◆ **Task details**
Repeat exactly every line that comes at or after the line containing "Sum1/1 -> Gain3/1", through the end of the entries below.

■ ■ ■ ■ ■ ■ ■

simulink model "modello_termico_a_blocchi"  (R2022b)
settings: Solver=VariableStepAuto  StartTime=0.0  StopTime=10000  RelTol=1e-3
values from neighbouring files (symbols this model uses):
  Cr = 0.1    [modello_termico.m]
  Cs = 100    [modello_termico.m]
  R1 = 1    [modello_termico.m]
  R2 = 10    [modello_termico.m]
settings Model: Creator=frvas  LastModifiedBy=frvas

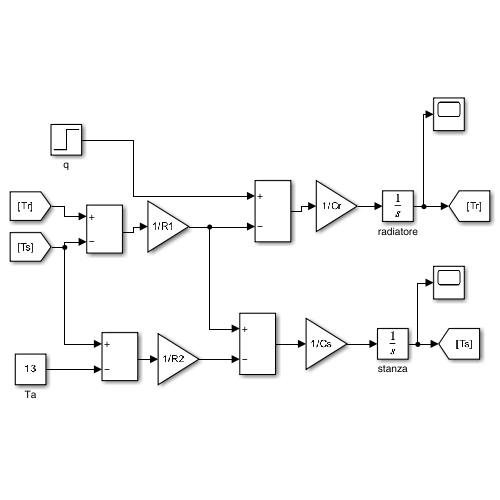
[thumbnail: Simulink's stored preview of the top-level diagram]
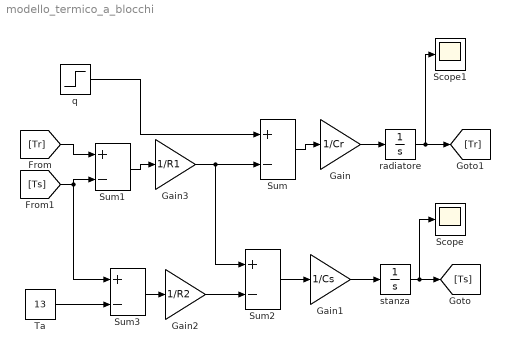
== system modello_termico_a_blocchi ==
  Gain : Gain  Gain=1/Cr
  Gain1 : Gain  Gain=1/Cs
  Gain2 : Gain  Gain=1/R2
  Gain3 : Gain  Gain=1/R1
  Scope : Scope
  Scope1 : Scope
  Sum{,1..3} (4 alike) : Sum  Inputs=+-
  Ta : Constant  Value=13
  q : Step  Time=250  SampleTime=0
  radiatore : Integrator  InitialCondition=20
  stanza : Integrator  InitialCondition=8
  wires:
  Gain/1 -> radiatore/1
  Gain1/1 -> stanza/1
  Sum/1 -> Gain/1
  stanza/1 -> Scope/1, [Ts]
  radiatore/1 -> Scope1/1, [Tr]
  Gain3/1 -> Sum2/1, Sum/2
  q/1 -> Sum/1
  [Tr] -> Sum1/1
  Sum1/1 -> Gain3/1
  [Ts] -> Sum3/1, Sum1/2
  Ta/1 -> Sum3/2
  Sum3/1 -> Gain2/1
  Gain2/1 -> Sum2/2
  Sum2/1 -> Gain1/1

■ ■ ■ ■ ■ ■ ■

◆ **Task solution**
  Sum1/1 -> Gain3/1
  [Ts] -> Sum3/1, Sum1/2
  Ta/1 -> Sum3/2
  Sum3/1 -> Gain2/1
  Gain2/1 -> Sum2/2
  Sum2/1 -> Gain1/1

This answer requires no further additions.